Hab es eine Zeitlang benutzt (problemlos per emerge installiert), dann aber auf das blackdown umgestellt, weil es Probleme mit Apaches axis gab und im Druckdialog die Hälfte aller Papierformate fehlten.

----------

## rblock

Leider ist Blackdown auch nur 1.4.2, und Poseidon benötigt eben leider zur Integration in Eclipse Java 5 (1.5.0.01)  :Sad: 

Aber laut eines Mitarbeiters von Gentleware sind die Probleme nicht so groß.  :Smile: 

Testende Grüße

----------

## rblock

Noch ein kleiner Nachtrag:

J2SDK 1.5 ist installiert und das Poseidon Plugin in Eclipse läuft nun auch.  :Very Happy: 

Glückliche Grüße

----------

## kzette

gibts ne schritt-für-schritt-anleitung für die installation von java5 unter linux? ich bin grad am verzweifeln....

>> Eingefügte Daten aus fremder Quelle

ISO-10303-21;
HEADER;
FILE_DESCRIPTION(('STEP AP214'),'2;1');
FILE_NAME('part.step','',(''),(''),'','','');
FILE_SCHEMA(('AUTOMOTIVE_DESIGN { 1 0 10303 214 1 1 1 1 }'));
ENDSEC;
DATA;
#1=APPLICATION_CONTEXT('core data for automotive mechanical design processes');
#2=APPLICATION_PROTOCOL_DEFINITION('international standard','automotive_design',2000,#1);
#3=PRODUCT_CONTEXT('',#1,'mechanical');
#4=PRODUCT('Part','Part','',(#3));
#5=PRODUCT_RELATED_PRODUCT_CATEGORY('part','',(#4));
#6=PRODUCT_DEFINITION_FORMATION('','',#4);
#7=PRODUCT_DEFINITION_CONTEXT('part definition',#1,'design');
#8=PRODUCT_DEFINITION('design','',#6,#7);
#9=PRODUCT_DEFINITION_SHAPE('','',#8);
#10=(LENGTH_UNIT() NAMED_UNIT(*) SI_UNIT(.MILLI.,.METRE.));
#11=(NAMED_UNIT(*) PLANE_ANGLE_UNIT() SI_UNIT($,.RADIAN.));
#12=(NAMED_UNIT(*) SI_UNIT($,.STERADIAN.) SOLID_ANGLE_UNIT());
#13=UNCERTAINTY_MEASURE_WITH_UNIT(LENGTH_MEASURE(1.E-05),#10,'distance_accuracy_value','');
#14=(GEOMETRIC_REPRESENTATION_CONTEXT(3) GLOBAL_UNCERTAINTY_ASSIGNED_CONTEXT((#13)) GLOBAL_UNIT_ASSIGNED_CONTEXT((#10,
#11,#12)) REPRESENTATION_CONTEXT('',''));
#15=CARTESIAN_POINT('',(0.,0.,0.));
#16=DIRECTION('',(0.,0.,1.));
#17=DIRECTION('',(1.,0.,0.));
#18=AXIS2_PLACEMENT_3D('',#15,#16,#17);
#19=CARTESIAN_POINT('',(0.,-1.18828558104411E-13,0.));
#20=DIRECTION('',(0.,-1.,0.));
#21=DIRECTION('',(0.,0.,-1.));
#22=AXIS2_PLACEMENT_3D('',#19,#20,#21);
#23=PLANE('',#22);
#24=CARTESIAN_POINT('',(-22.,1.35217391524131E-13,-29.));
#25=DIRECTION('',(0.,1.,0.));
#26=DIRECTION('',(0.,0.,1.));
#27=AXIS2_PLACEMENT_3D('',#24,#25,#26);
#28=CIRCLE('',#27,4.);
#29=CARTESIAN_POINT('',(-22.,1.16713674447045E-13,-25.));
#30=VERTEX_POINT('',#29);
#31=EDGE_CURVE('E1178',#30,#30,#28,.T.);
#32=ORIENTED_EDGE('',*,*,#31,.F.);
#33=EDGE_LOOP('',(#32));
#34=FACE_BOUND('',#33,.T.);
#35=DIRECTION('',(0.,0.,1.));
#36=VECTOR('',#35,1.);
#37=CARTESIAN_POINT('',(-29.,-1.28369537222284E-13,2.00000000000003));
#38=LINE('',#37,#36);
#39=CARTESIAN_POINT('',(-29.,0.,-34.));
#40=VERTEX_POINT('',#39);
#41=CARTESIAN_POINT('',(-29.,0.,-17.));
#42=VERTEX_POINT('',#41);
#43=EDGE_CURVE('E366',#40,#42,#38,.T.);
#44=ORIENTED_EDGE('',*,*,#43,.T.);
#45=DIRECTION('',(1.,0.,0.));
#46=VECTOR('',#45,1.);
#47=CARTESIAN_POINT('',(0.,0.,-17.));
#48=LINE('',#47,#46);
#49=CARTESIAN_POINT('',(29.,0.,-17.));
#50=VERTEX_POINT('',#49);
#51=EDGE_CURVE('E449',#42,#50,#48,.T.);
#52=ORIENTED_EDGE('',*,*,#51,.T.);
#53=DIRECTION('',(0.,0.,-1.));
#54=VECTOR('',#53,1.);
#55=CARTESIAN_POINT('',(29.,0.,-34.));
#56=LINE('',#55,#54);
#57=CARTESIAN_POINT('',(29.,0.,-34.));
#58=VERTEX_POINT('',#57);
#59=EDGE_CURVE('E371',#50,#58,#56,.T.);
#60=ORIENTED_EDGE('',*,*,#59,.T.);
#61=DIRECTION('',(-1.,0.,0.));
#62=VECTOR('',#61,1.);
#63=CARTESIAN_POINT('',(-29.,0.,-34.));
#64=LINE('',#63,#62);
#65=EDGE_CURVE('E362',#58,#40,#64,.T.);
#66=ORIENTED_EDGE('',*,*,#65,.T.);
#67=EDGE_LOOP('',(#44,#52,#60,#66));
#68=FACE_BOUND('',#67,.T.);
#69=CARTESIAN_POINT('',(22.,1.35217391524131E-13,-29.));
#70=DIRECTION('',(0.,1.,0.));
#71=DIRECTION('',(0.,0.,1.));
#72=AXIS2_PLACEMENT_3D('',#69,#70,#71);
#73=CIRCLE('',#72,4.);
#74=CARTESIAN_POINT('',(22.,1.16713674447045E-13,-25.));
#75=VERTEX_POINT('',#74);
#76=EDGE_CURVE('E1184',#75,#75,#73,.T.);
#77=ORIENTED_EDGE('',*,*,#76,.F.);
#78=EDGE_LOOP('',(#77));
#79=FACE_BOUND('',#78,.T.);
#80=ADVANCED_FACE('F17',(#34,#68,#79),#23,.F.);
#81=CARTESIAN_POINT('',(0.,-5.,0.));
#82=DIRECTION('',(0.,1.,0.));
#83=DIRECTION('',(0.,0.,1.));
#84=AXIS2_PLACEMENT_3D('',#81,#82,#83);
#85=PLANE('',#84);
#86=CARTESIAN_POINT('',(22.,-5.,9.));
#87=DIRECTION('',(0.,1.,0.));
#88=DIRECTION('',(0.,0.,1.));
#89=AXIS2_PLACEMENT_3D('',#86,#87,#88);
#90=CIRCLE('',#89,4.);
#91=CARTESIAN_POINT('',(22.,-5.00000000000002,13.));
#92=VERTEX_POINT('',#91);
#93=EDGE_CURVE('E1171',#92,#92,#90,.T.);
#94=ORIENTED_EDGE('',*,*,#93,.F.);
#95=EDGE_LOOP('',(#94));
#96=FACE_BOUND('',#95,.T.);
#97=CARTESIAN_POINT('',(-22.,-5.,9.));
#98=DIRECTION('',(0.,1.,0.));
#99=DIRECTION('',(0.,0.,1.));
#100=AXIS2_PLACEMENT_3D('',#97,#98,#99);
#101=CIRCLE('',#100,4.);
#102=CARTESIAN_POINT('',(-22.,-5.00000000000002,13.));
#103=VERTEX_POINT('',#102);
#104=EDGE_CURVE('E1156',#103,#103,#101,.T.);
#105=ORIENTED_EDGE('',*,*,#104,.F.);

Mein Problem ist, dass es trotz aktualisiertem portage kein ebuild von sun-j2sdk-1.5 gibt, nur die 1.42

----------

## reptile

nimm doch sun-jdk...

----------

## kzette

nur 1.42 vorhanden.. .

----------

## z4Rilla

1.5 wird wohl noch masked sein

----------

## kzette

dann müsste ich es mit einem emerge sun-jdk doch aber als maskiert angezeigt bekommen... . bei mir steht gar nichts da!

----------

## _hephaistos_

 *kzette wrote:*   

> dann müsste ich es mit einem emerge sun-jdk doch aber als maskiert angezeigt bekommen... . bei mir steht gar nichts da!

 

ls /usr/portage/dev-java/sun-jdk/

dh: es existiert & wartet nur noch darauf von dir zu demaskiert werden  :Smile: 

hth,

ciao

----------

## rblock

Da muss ich hephaistos6 Recht geben: Es ist natürlich das sun-jdk-1.5.0.01 und nicht mehr das veraltete sun-j2sdk ebuild.  :Smile:   Denn auch offiziell ist man wieder zu der alten Bezeichnung JDK zurück gekehrt.

Und dies muss einfach nur demaskiert werden.

Unterstützende Grüße

----------

## fennex

Ich hab gestern die JDK1.5 installiert, lief ohne Probleme in wenigen Minuten. Allerdings ohne emerge, weil bei Java das mit Hand einfacher geht.

Anleitung:

1. das Jdk1.5 von java.sun.com runterladen (gewöhnlicherweise als ausführbare bin-Datei) 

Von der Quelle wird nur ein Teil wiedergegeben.